When a line in the data below includes "ezdxf", pick it out and copy it.

• **Data under study**
○ ○ ○ ○ ○
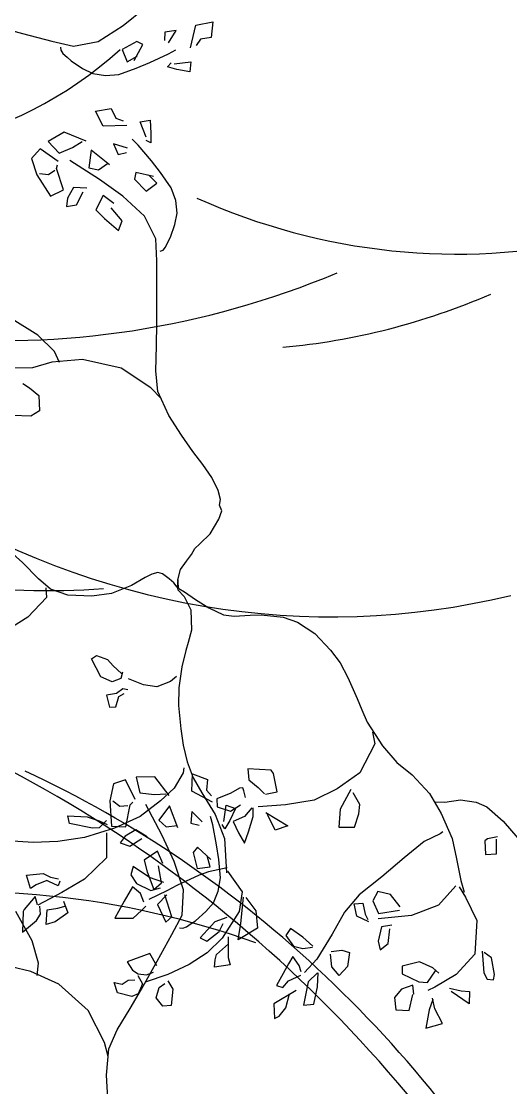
# Model space of a CAD drawing. Header units: millimetres. Extents: x 87938 to 265635, y 330093 to 434310.
# Drawn here: x 234988 to 236087, y 369977 to 372373 of the extents above; entities that cross this region are included whole.
import ezdxf

# ---------------------------------------------------------------- set-up
doc = ezdxf.new("R2010")
doc.units = ezdxf.units.MM

# ---------------------------------------------------------------- blocks, each defined once
blk = doc.blocks.new('A$C02942DF4')
at = {"linetype": 'Continuous'}
for p, q in [((2136.1, 5051.5), (2144.9, 5088)), ((2144.9, 5088), (2171.8, 5093.5)), ((2171.8, 5093.5), (2169.3, 5068.1)), ((2094.8, 5077), (2094.7, 5063.2)), ((2113.3, 5079.6), (2094.8, 5077)), ((2100.9, 5059.8), (2113.3, 5079.6)), ((2169.3, 5068.1), (2152, 5065.4)), ((2050.1, 5061.8), (2026.5, 5049)), ((2045.8, 5031.3), (2059.6, 5056.9)), ((2059.6, 5056.9), (2050.1, 5061.8)), ((2152, 5065.4), (2145.2, 5055.2)), ((2026.5, 5049), (2034.5, 5029.3)), ((2034.5, 5029.3), (2050.4, 5038.3)), ((2099.4, 5021.4), (2105, 5027.6)), ((2114.1, 5017.1), (2099.4, 5021.4)), ((2110.2, 5026.1), (2136.5, 5029.1)), ((2134.9, 5012.9), (2114.1, 5017.1)), ((2136.5, 5029.1), (2134.9, 5012.9)), ((1983.9, 4950.2), (2009, 4954.5)), ((1996.3, 4925.7), (1983.9, 4950.2)), ((2009, 4954.5), (2016.2, 4938.5)), ((2016.2, 4938.5), (2027.9, 4934.6)), ((2055.4, 4933), (2071.4, 4935.8)), ((2065.1, 4908.5), (2055.4, 4933)), ((2071.4, 4935.8), (2072.8, 4914.6)), ((1933.2, 4916.5), (1907.6, 4901.4)), ((1968.5, 4901.7), (1933.2, 4916.5)), ((2033.8, 4926.8), (1996.3, 4925.7)), ((2072.8, 4914.6), (2072.5, 4899.3)), ((1907.6, 4901.4), (1925.2, 4882.4)), ((1946.8, 4891.7), (1962.3, 4901.2)), ((2035.1, 4890.7), (2012.7, 4897.4)), ((2012.7, 4897.4), (2020, 4880.2)), ((2072.5, 4899.3), (2065, 4903)), ((1894.8, 4889.3), (1881.3, 4874.1)), ((1924, 4869.1), (1894.8, 4889.3)), ((1925.2, 4882.4), (1946.8, 4891.7)), ((1977, 4887.5), (1973.2, 4859)), ((2006.1, 4863.6), (1977, 4887.5)), ((2020, 4880.2), (2033.4, 4883.8)), ((1881.3, 4874.1), (1889.6, 4847.7)), ((1921.2, 4858.1), (1922.6, 4863.9)), ((1988.7, 4855.7), (2003.1, 4865.9)), ((1889.6, 4847.7), (1911.8, 4813.6)), ((1908.1, 4847.6), (1893.7, 4849.3)), ((1918.7, 4854.8), (1908.1, 4847.6)), ((1932.6, 4823.7), (1921.2, 4858.1)), ((1973.2, 4859), (1988.7, 4855.7)), ((2048.7, 4851.6), (2046.4, 4841.1)), ((2077, 4845), (2048.7, 4851.6)), ((2082, 4834.6), (2069, 4847.6)), ((1948.5, 4827.6), (1939, 4810.1)), ((1970.1, 4826.6), (1948.5, 4827.6)), ((2046.4, 4841.1), (2065, 4821.7)), ((2065, 4821.7), (2082, 4834.6)), ((1911.8, 4813.6), (1932.6, 4823.7)), ((1939, 4810.1), (1937, 4797)), ((1953.3, 4799.8), (1964, 4820.4)), ((1996.1, 4814.6), (1984.4, 4791.5)), ((2013.1, 4801.7), (1996.1, 4814.6)), ((1937, 4797), (1953.3, 4799.8)), ((2026.6, 4773.8), (2009.1, 4795)), ((1984.4, 4791.5), (1998.1, 4777.6)), ((1998.1, 4777.6), (2020.8, 4758.3)), ((2020.8, 4758.3), (2026.6, 4773.8)), ((1891.3, 4590.6), (1845.7, 4618.6)), ((1918.2, 4564.1), (1891.3, 4590.6)), ((1925.8, 4546.4), (1918.2, 4564.1)), ((1882.4, 4537.8), (1850.5, 4537.6)), ((1913.9, 4546.9), (1882.4, 4537.8)), ((1963, 4551.3), (1913.9, 4546.9)), ((2024.7, 4537.3), (1963, 4551.3)), ((2072.8, 4505.7), (2024.7, 4537.3)), ((1867.4, 4512.9), (1877.8, 4506)), ((1877.8, 4506), (1892.7, 4493.6)), ((2089.1, 4488.8), (2072.8, 4505.7)), ((1892.7, 4493.6), (1893.7, 4469.2)), ((1893.7, 4469.2), (1880.1, 4460.6)), ((1880.1, 4460.6), (1850.3, 4461.4)), ((1904.3, 4184.7), (1905.2, 4169.2)), ((1905.2, 4169.2), (1875.1, 4137.9)), ((1875.1, 4137.9), (1840.4, 4115.7)), ((1977.4, 4070.7), (1985.6, 4076.4)), ((1985.6, 4076.4), (2002.9, 4070)), ((1992.4, 4042), (1977.4, 4070.7)), ((2002.9, 4070), (2011.9, 4059.7)), ((2011.9, 4059.7), (2025.7, 4047.4)), ((2010.6, 4033.9), (1992.4, 4042)), ((2026.9, 4049.5), (2024.6, 4039.3)), ((2113.6, 4042.3), (2104, 4034.7)), ((2024.6, 4039.3), (2010.6, 4033.9)), ((2027.8, 4022.9), (2017.6, 4015.1)), ((2035.4, 4021.3), (2027.8, 4022.9)), ((2060.7, 4029.1), (2036.9, 4038.8)), ((2082.2, 4025.9), (2060.7, 4029.1)), ((2104, 4034.7), (2082.2, 4025.9)), ((2017.6, 4015.1), (2001.6, 4012.3)), ((2001.6, 4012.3), (2006.1, 3993.2)), ((2016.5, 3993.6), (2021.3, 4010.4)), ((2021.3, 4010.4), (2030, 4015.2)), ((2006.1, 3993.2), (2016.5, 3993.6)), ((2428.3, 3953), (2432.1, 3934.5)), ((2432.1, 3934.5), (2407.9, 3887.6)), ((2124.5, 3887.7), (2110, 3863.4)), ((2125.3, 3895.7), (2124.5, 3887.7)), ((2138.1, 3858.6), (2139.4, 3886)), ((2139.4, 3886), (2163.4, 3877.4)), ((2265.4, 3891.9), (2228.2, 3894.1)), ((2228.2, 3894.1), (2230, 3876.7)), ((2269.2, 3887), (2265.4, 3891.9)), ((2275.5, 3857.6), (2269.2, 3887)), ((2407.9, 3887.6), (2371.3, 3862.3)), ((2012.6, 3870.1), (2006.9, 3843)), ((2031.9, 3876.7), (2012.6, 3870.1)), ((2047.3, 3844.8), (2031.9, 3876.7)), ((2078.7, 3881.6), (2048.9, 3881)), ((2048.9, 3881), (2054.9, 3855.8)), ((2102.1, 3851.3), (2078.7, 3881.6)), ((2163.4, 3877.4), (2161.8, 3859.9)), ((2230, 3876.7), (2244.9, 3864.3)), ((2054.9, 3855.8), (2078.3, 3853.3)), ((2078.3, 3853.3), (2096.5, 3853.9)), ((2110, 3863.4), (2088.1, 3842.9)), ((2171.4, 3841), (2138.1, 3858.6)), ((2161.8, 3859.9), (2170, 3850.8)), ((2201, 3855.1), (2178.2, 3845.9)), ((2214.9, 3863.2), (2201, 3855.1)), ((2219.9, 3863.7), (2214.9, 3863.2)), ((2221.8, 3858.9), (2219.9, 3863.7)), ((2224.3, 3848), (2221.8, 3858.9)), ((2244.9, 3864.3), (2255, 3854)), ((2256.6, 3853.8), (2275.5, 3857.6)), ((2371.3, 3862.3), (2334.6, 3844.2)), ((2393.6, 3861.2), (2376.5, 3829.8)), ((2408.1, 3837.1), (2397.1, 3855.6)), ((2006.9, 3843), (2009.4, 3802.4)), ((2023, 3833.9), (2011.3, 3842.4)), ((2035.7, 3834.9), (2023, 3833.9)), ((2032.5, 3801), (2039.5, 3836.6)), ((2039.5, 3836.6), (2043.6, 3840.9)), ((2088.1, 3842.9), (2055.4, 3818)), ((2102.6, 3834.7), (2085.2, 3811.8)), ((2116.1, 3799.7), (2102.6, 3834.7)), ((2178.2, 3845.9), (2178.8, 3833.4)), ((2189.6, 3809.7), (2193.2, 3835.9)), ((2193.2, 3835.9), (2208.5, 3830.4)), ((2200.2, 3826.5), (2216.3, 3836.3)), ((2288.6, 3836.3), (2244.8, 3833.3)), ((2334.6, 3844.2), (2288.6, 3836.3)), ((2406.2, 3822), (2408.1, 3837.1)), ((1942.1, 3806.5), (1939.2, 3819)), ((1939.2, 3819), (1970.2, 3817.3)), ((1970.2, 3817.3), (1989.4, 3810.9)), ((2055.4, 3818), (2014.3, 3799)), ((2138.5, 3825.8), (2136.5, 3807.3)), ((2154.7, 3809), (2138.5, 3825.8)), ((2178.8, 3833.4), (2200.2, 3826.5)), ((2208.5, 3830.4), (2199.3, 3811.2)), ((2222.8, 3817.8), (2204.7, 3809.8)), ((2234.7, 3831.6), (2222.8, 3817.8)), ((2229.1, 3793.2), (2236.6, 3818)), ((2236.6, 3818), (2237, 3831.5)), ((2257, 3824.3), (2292.3, 3803)), ((2272, 3795.8), (2260, 3821.1)), ((2376.5, 3829.8), (2374, 3800.7)), ((2399.5, 3800.9), (2406.2, 3822)), ((1979, 3799.3), (1942.1, 3806.5)), ((2001.3, 3811.4), (1989.4, 3799.7)), ((1989.4, 3810.9), (2002.5, 3804.7)), ((2009.4, 3802.4), (2032.5, 3801)), ((2085.2, 3811.8), (2097.1, 3801.3)), ((2097.1, 3801.3), (2114.6, 3803.1)), ((2136.5, 3807.3), (2149.9, 3803.8)), ((2191.5, 3798.1), (2186.8, 3805)), ((2199.3, 3811.2), (2191.5, 3798.1)), ((2204.7, 3809.8), (2213, 3791.3)), ((2292.3, 3803), (2272, 3795.8)), ((2374, 3800.7), (2399.5, 3800.9)), ((1966.2, 3784.2), (1923.3, 3777.7)), ((2014.3, 3799), (1966.2, 3784.2)), ((1989.4, 3799.7), (1979, 3799.3)), ((2031.4, 3786), (2023.2, 3775.6)), ((2048.3, 3796.6), (2031.4, 3786)), ((2066.6, 3785.1), (2048.3, 3796.6)), ((2213, 3791.3), (2223, 3775.1)), ((2223, 3775.1), (2229.1, 3793.2)), ((2536.6, 3790.1), (2511.3, 3777.4)), ((2541.1, 3793.3), (2536.6, 3790.1)), ((2628.7, 3784.9), (2612.9, 3781.7)), ((1883.9, 3775.8), (1826.2, 3780)), ((1923.3, 3777.7), (1883.9, 3775.8)), ((2023.2, 3775.6), (2038.8, 3770.1)), ((2038.8, 3770.1), (2058.2, 3782.7)), ((2147.3, 3768.3), (2140.2, 3760.2)), ((2168.8, 3748.5), (2147.3, 3768.3)), ((2511.3, 3777.4), (2478.8, 3751.2)), ((2612.9, 3781.7), (2608.7, 3778.5)), ((2608.7, 3778.5), (2609.6, 3756.7)), ((2627.2, 3757.8), (2627, 3781.3)), ((2083.3, 3761.9), (2061.8, 3747.5)), ((2091.8, 3742.3), (2083.3, 3761.9)), ((2140.2, 3760.2), (2146.9, 3734.2)), ((2167.9, 3737.1), (2163.1, 3754.7)), ((2478.8, 3751.2), (2443.4, 3721)), ((2609.6, 3756.7), (2627.2, 3757.8)), ((2044.1, 3737.5), (2040.2, 3724.2)), ((2070.4, 3720), (2044.1, 3737.5)), ((2061.8, 3747.5), (2066.9, 3728.7)), ((2089.9, 3711.4), (2085, 3738.4)), ((2146.9, 3734.2), (2167.9, 3737.1)), ((1873.2, 3723.5), (1899.8, 3726.4)), ((1879.2, 3702.1), (1873.2, 3723.5)), ((1905.8, 3715.2), (1888.4, 3708.2)), ((1899.8, 3726.4), (1911.6, 3720.4)), ((1908.9, 3713.4), (1905.8, 3715.2)), ((1911.6, 3720.4), (1924.2, 3717.6)), ((2040.2, 3724.2), (2049.5, 3710.1)), ((2066.9, 3728.7), (2077.2, 3700.7)), ((2093.5, 3711.8), (2070.4, 3720)), ((2195.7, 3730), (2219.2, 3696.9)), ((2443.4, 3721), (2407, 3691.9)), ((1888.4, 3708.2), (1879.2, 3702.1)), ((1923.7, 3706.7), (1908.9, 3713.4)), ((1926.6, 3714.2), (1923.7, 3706.7)), ((2043.1, 3704.6), (2029.8, 3681.7)), ((2055.8, 3694.3), (2043.1, 3704.6)), ((2049.5, 3710.1), (2072.7, 3699.2)), ((2072.7, 3699.2), (2087.8, 3703.3)), ((2077.2, 3700.7), (2089.9, 3711.4)), ((2436.8, 3697.5), (2428.8, 3682.5)), ((2457.1, 3692.8), (2436.8, 3697.5)), ((1886.8, 3689.3), (1869.4, 3668.6)), ((1890.8, 3676), (1886.8, 3689.3)), ((1932.5, 3681.8), (1939.5, 3662.9)), ((2029.8, 3681.7), (2020.9, 3665.3)), ((2061.1, 3680.1), (2055.8, 3694.3)), ((2098.4, 3691.9), (2083.1, 3676.5)), ((2106, 3656.7), (2094.9, 3692.1)), ((2219.2, 3696.9), (2214.1, 3665.5)), ((2217.2, 3646.2), (2221.5, 3688.2)), ((2224.8, 3687.7), (2241.2, 3666.3)), ((2407, 3691.9), (2383.5, 3664.4)), ((2428.8, 3682.5), (2437.8, 3661.9)), ((2472.5, 3672.8), (2457.1, 3692.8)), ((1882, 3618.3), (1856, 3665.2)), ((1867.6, 3665.3), (1866.8, 3631.9)), ((1869.4, 3668.6), (1867.6, 3665.3)), ((1895.3, 3660.9), (1894.6, 3673.6)), ((1904.6, 3644.3), (1906, 3667.7)), ((1906, 3667.7), (1923.5, 3670.5)), ((1923.5, 3670.5), (1936.6, 3674.6)), ((2020.9, 3665.3), (2014.6, 3654.8)), ((2044.1, 3654.5), (2057.4, 3667.1)), ((2057.4, 3667.1), (2064.7, 3673.9)), ((2083.1, 3676.5), (2096.8, 3648.4)), ((2214.1, 3665.5), (2186.9, 3622.6)), ((2241.2, 3666.3), (2243.6, 3638.3)), ((2383.5, 3664.4), (2363.4, 3628.8)), ((2399, 3677.8), (2412.5, 3678.7)), ((2403.1, 3657.9), (2399, 3677.8)), ((2412.5, 3678.7), (2416.4, 3660.9)), ((2437.8, 3661.9), (2471.3, 3667.4)), ((1866.8, 3631.9), (1889.2, 3650.7)), ((1889.2, 3650.7), (1895.3, 3660.9)), ((1919.2, 3648.5), (1904.6, 3644.3)), ((1939.5, 3662.9), (1919.2, 3648.5)), ((2014.6, 3654.8), (2044.1, 3654.5)), ((2096.8, 3648.4), (2106, 3656.7)), ((2175, 3648.7), (2151.8, 3622.8)), ((2194.4, 3655.4), (2175, 3648.7)), ((2212.5, 3619.7), (2217.2, 3646.2)), ((2422.3, 3648.5), (2403.1, 3657.9)), ((2416.4, 3660.9), (2420.8, 3652.3)), ((2162.4, 3617.8), (2182.3, 3633.3)), ((2182.3, 3633.3), (2188.4, 3645.9)), ((2243.6, 3638.3), (2212.5, 3619.7)), ((2296.8, 3638), (2289, 3626.7)), ((2316.5, 3624.3), (2296.8, 3638)), ((2442.5, 3640.7), (2437.2, 3617.6)), ((2459, 3643.4), (2442.5, 3640.7)), ((2453.4, 3613.7), (2456.2, 3637.2)), ((1892.4, 3582.1), (1882, 3618.3)), ((2151.8, 3622.8), (2162.4, 3617.8)), ((2186.9, 3622.6), (2163.1, 3599)), ((2177.9, 3596.3), (2196.9, 3613.5)), ((2196.6, 3624.6), (2196.7, 3591.6)), ((2289, 3626.7), (2301.3, 3609.5)), ((2332.6, 3609.4), (2316.5, 3624.3)), ((2363.4, 3628.8), (2338.9, 3589)), ((2437.2, 3617.6), (2440.6, 3604)), ((2440.6, 3604), (2453.4, 3613.7)), ((2070.9, 3597.9), (2034.6, 3584.7)), ((2082.1, 3578.1), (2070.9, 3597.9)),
○ ○ ○ ○ ○
• **Reply to the exercise**
import ezdxf
doc = ezdxf.new("R2010")
doc.units = ezdxf.units.MM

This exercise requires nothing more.